I’m losing my edge to the art-school Brooklynites in little jackets and borrowed nostalgia for the unremembered eighties.
– LCD Soundsystem, “Losing My Edge”

I’ve let a lot of the ever-increasing surge of nostalgia pass by me. First it was the eighties kids pouring money into Michael Bay’s account or squeal at the moment you see Jeff Bridges return as CLU in Tron: Legacy. Yes, I know it’s a cycle – the 70s made its way into the nineties via a blitzkrieg with tye-dyed trustafarians wearing bell bottoms parachuting in as VW Beetles crashed through our memory’s Maginot line. I’m not a slave to the 90s, though I do have a couple of guilty pleasures (cough*Hackers*cough) and I have no intention to become one. I need to fight back from it.

I’ve seen enough men dressed like Ducky from Sixteen Candles to know how large a best 80s nostalgia became in the 00s. However the awkward hipster teenager I’ve seen many a time while walking in Williamsburg isn’t my enemy. It’s the older Smurfs crowd that allows this nostalgia fetish pervade and seep into the rest of mainstream culture, they are the ones that bother me.

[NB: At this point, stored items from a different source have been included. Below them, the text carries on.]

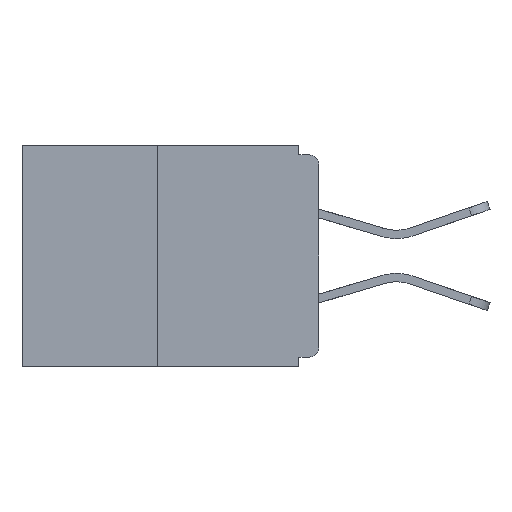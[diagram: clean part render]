
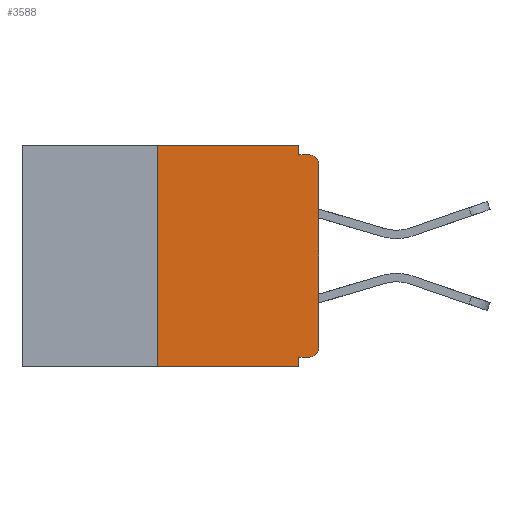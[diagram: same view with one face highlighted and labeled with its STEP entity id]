
A CAD part, left-side view. The second image highlights one B-rep face of the part: STEP entity #3588.
In plain terms, the highlighted planar face has unit normal (-1, 0, 0).
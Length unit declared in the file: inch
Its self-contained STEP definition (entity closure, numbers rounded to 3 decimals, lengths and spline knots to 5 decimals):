
#286 = VERTEX_POINT ( 'NONE', #1986 ) ;
#363 = DIRECTION ( 'NONE',  ( 0., -1., 0. ) ) ;
#559 = CARTESIAN_POINT ( 'NONE',  ( 0., 0.25, 0. ) ) ;
#690 = CARTESIAN_POINT ( 'NONE',  ( 0., 0.46, 0. ) ) ;
#737 = PLANE ( 'NONE',  #10381 ) ;
#957 = ORIENTED_EDGE ( 'NONE', *, *, #11185, .T. ) ;
#1065 = LINE ( 'NONE', #8605, #7907 ) ;
#1281 = CARTESIAN_POINT ( 'NONE',  ( 0., 0.015, -0.015 ) ) ;
#1345 = CARTESIAN_POINT ( 'NONE',  ( 0., 0.015, -0.03 ) ) ;
#1426 = VECTOR ( 'NONE', #13234, 39.37008 ) ;
#1463 = DIRECTION ( 'NONE',  ( 0., -1., 0. ) ) ;
#1663 = LINE ( 'NONE', #2857, #1981 ) ;
#1704 = ORIENTED_EDGE ( 'NONE', *, *, #7658, .T. ) ;
#1903 = VECTOR ( 'NONE', #12912, 39.37008 ) ;
#1948 = CARTESIAN_POINT ( 'NONE',  ( 0., 0., -0.313 ) ) ;
#1981 = VECTOR ( 'NONE', #12138, 39.37008 ) ;
#1986 = CARTESIAN_POINT ( 'NONE',  ( 0., 0.031, -0.015 ) ) ;
#2129 = EDGE_CURVE ( 'NONE', #10455, #8525, #2821, .T. ) ;
#2291 = EDGE_CURVE ( 'NONE', #10760, #11855, #3197, .T. ) ;
#2369 = VERTEX_POINT ( 'NONE', #13059 ) ;
#2490 = ORIENTED_EDGE ( 'NONE', *, *, #3497, .F. ) ;
#2585 = EDGE_LOOP ( 'NONE', ( #2795, #2490, #1704, #7091, #9048, #3241, #957, #9524, #6849, #12381 ) ) ;
#2738 = VERTEX_POINT ( 'NONE', #6238 ) ;
#2795 = ORIENTED_EDGE ( 'NONE', *, *, #9120, .F. ) ;
#2821 = CIRCLE ( 'NONE', #9344, 0.015 ) ;
#2857 = CARTESIAN_POINT ( 'NONE',  ( 0., 0., 0. ) ) ;
#3197 = CIRCLE ( 'NONE', #6318, 0.015 ) ;
#3241 = ORIENTED_EDGE ( 'NONE', *, *, #2291, .T. ) ;
#3264 = EDGE_CURVE ( 'NONE', #2369, #286, #12860, .T. ) ;
#3497 = EDGE_CURVE ( 'NONE', #11511, #11041, #5757, .T. ) ;
#3550 = LINE ( 'NONE', #11971, #1903 ) ;
#3588 = ADVANCED_FACE ( 'NONE', ( #9647 ), #737, .F. ) ;
#3921 = CARTESIAN_POINT ( 'NONE',  ( 0., 0., -0.03 ) ) ;
#3996 = CARTESIAN_POINT ( 'NONE',  ( 0., 0., -0.328 ) ) ;
#4006 = DIRECTION ( 'NONE',  ( 0., 0., -1. ) ) ;
#4123 = VECTOR ( 'NONE', #11197, 39.37008 ) ;
#4186 = DIRECTION ( 'NONE',  ( 0., 0., -1. ) ) ;
#4202 = LINE ( 'NONE', #11248, #1426 ) ;
#4496 = DIRECTION ( 'NONE',  ( -1., 0., 0. ) ) ;
#5285 = CARTESIAN_POINT ( 'NONE',  ( 0., 0.25, -0.343 ) ) ;
#5757 = LINE ( 'NONE', #559, #11089 ) ;
#5895 = DIRECTION ( 'NONE',  ( 0., 0., -1. ) ) ;
#6238 = CARTESIAN_POINT ( 'NONE',  ( 0., 0.031, -0.328 ) ) ;
#6318 = AXIS2_PLACEMENT_3D ( 'NONE', #10951, #9911, #5895 ) ;
#6636 = CARTESIAN_POINT ( 'NONE',  ( 0., 0.031, -0.343 ) ) ;
#6849 = ORIENTED_EDGE ( 'NONE', *, *, #12982, .F. ) ;
#7091 = ORIENTED_EDGE ( 'NONE', *, *, #7758, .F. ) ;
#7441 = DIRECTION ( 'NONE',  ( 0., 0., -1. ) ) ;
#7658 = EDGE_CURVE ( 'NONE', #11511, #11618, #3550, .T. ) ;
#7684 = CARTESIAN_POINT ( 'NONE',  ( 0., 0.25, 0. ) ) ;
#7758 = EDGE_CURVE ( 'NONE', #2738, #11618, #4202, .T. ) ;
#7787 = LINE ( 'NONE', #10745, #8442 ) ;
#7837 = DIRECTION ( 'NONE',  ( 0., 0., 1. ) ) ;
#7907 = VECTOR ( 'NONE', #363, 39.37008 ) ;
#8023 = DIRECTION ( 'NONE',  ( 1., 0., 0. ) ) ;
#8032 = VECTOR ( 'NONE', #4186, 39.37008 ) ;
#8442 = VECTOR ( 'NONE', #1463, 39.37008 ) ;
#8525 = VERTEX_POINT ( 'NONE', #1281 ) ;
#8605 = CARTESIAN_POINT ( 'NONE',  ( 0., 0.46, 0. ) ) ;
#8828 = CARTESIAN_POINT ( 'NONE',  ( 0., 0.015, -0.328 ) ) ;
#9048 = ORIENTED_EDGE ( 'NONE', *, *, #11249, .F. ) ;
#9120 = EDGE_CURVE ( 'NONE', #11041, #2369, #1065, .T. ) ;
#9344 = AXIS2_PLACEMENT_3D ( 'NONE', #1345, #4496, #7441 ) ;
#9524 = ORIENTED_EDGE ( 'NONE', *, *, #2129, .T. ) ;
#9563 = CARTESIAN_POINT ( 'NONE',  ( 0., 0.031, 0. ) ) ;
#9647 = FACE_OUTER_BOUND ( 'NONE', #2585, .T. ) ;
#9911 = DIRECTION ( 'NONE',  ( -1., 0., 0. ) ) ;
#10381 = AXIS2_PLACEMENT_3D ( 'NONE', #690, #8023, #4006 ) ;
#10455 = VERTEX_POINT ( 'NONE', #3921 ) ;
#10745 = CARTESIAN_POINT ( 'NONE',  ( 0., 0., -0.015 ) ) ;
#10760 = VERTEX_POINT ( 'NONE', #8828 ) ;
#10951 = CARTESIAN_POINT ( 'NONE',  ( 0., 0.015, -0.313 ) ) ;
#11041 = VERTEX_POINT ( 'NONE', #7684 ) ;
#11089 = VECTOR ( 'NONE', #7837, 39.37008 ) ;
#11185 = EDGE_CURVE ( 'NONE', #11855, #10455, #1663, .T. ) ;
#11197 = DIRECTION ( 'NONE',  ( 0., 1., 0. ) ) ;
#11217 = LINE ( 'NONE', #3996, #4123 ) ;
#11248 = CARTESIAN_POINT ( 'NONE',  ( 0., 0.031, -0.343 ) ) ;
#11249 = EDGE_CURVE ( 'NONE', #10760, #2738, #11217, .T. ) ;
#11511 = VERTEX_POINT ( 'NONE', #5285 ) ;
#11618 = VERTEX_POINT ( 'NONE', #6636 ) ;
#11855 = VERTEX_POINT ( 'NONE', #1948 ) ;
#11971 = CARTESIAN_POINT ( 'NONE',  ( 0., 0.46, -0.343 ) ) ;
#12138 = DIRECTION ( 'NONE',  ( 0., 0., 1. ) ) ;
#12381 = ORIENTED_EDGE ( 'NONE', *, *, #3264, .F. ) ;
#12860 = LINE ( 'NONE', #9563, #8032 ) ;
#12912 = DIRECTION ( 'NONE',  ( 0., -1., 0. ) ) ;
#12982 = EDGE_CURVE ( 'NONE', #286, #8525, #7787, .T. ) ;
#13059 = CARTESIAN_POINT ( 'NONE',  ( 0., 0.031, 0. ) ) ;
#13234 = DIRECTION ( 'NONE',  ( 0., 0., -1. ) ) ;

Along with the previously mentioned Transformers, the one that bothers me the most is, shockingly, Back to The Future. When the 25th anniversary came around and propped up a celebration and reverence to the truly deserved trilogy, I couldn’t help but think of it as a Cult of McFly (no disrespect to Michael J. Fox, the man is a hero).  Once that idea stuck in my head one of Optimus Christ, of disciples wearing trucker hats like a Catholic nun wears rosary beads. I don’t blame them for my indifference. Between my jaded vision of the 80s due to cannibalistic alternative types or from just being born in 1987 – where the only image of Transformers I have is of toddler me biting on Optimus Prime’s head – I don’t have that level of connection with poseur eighties fans or the early Millennials.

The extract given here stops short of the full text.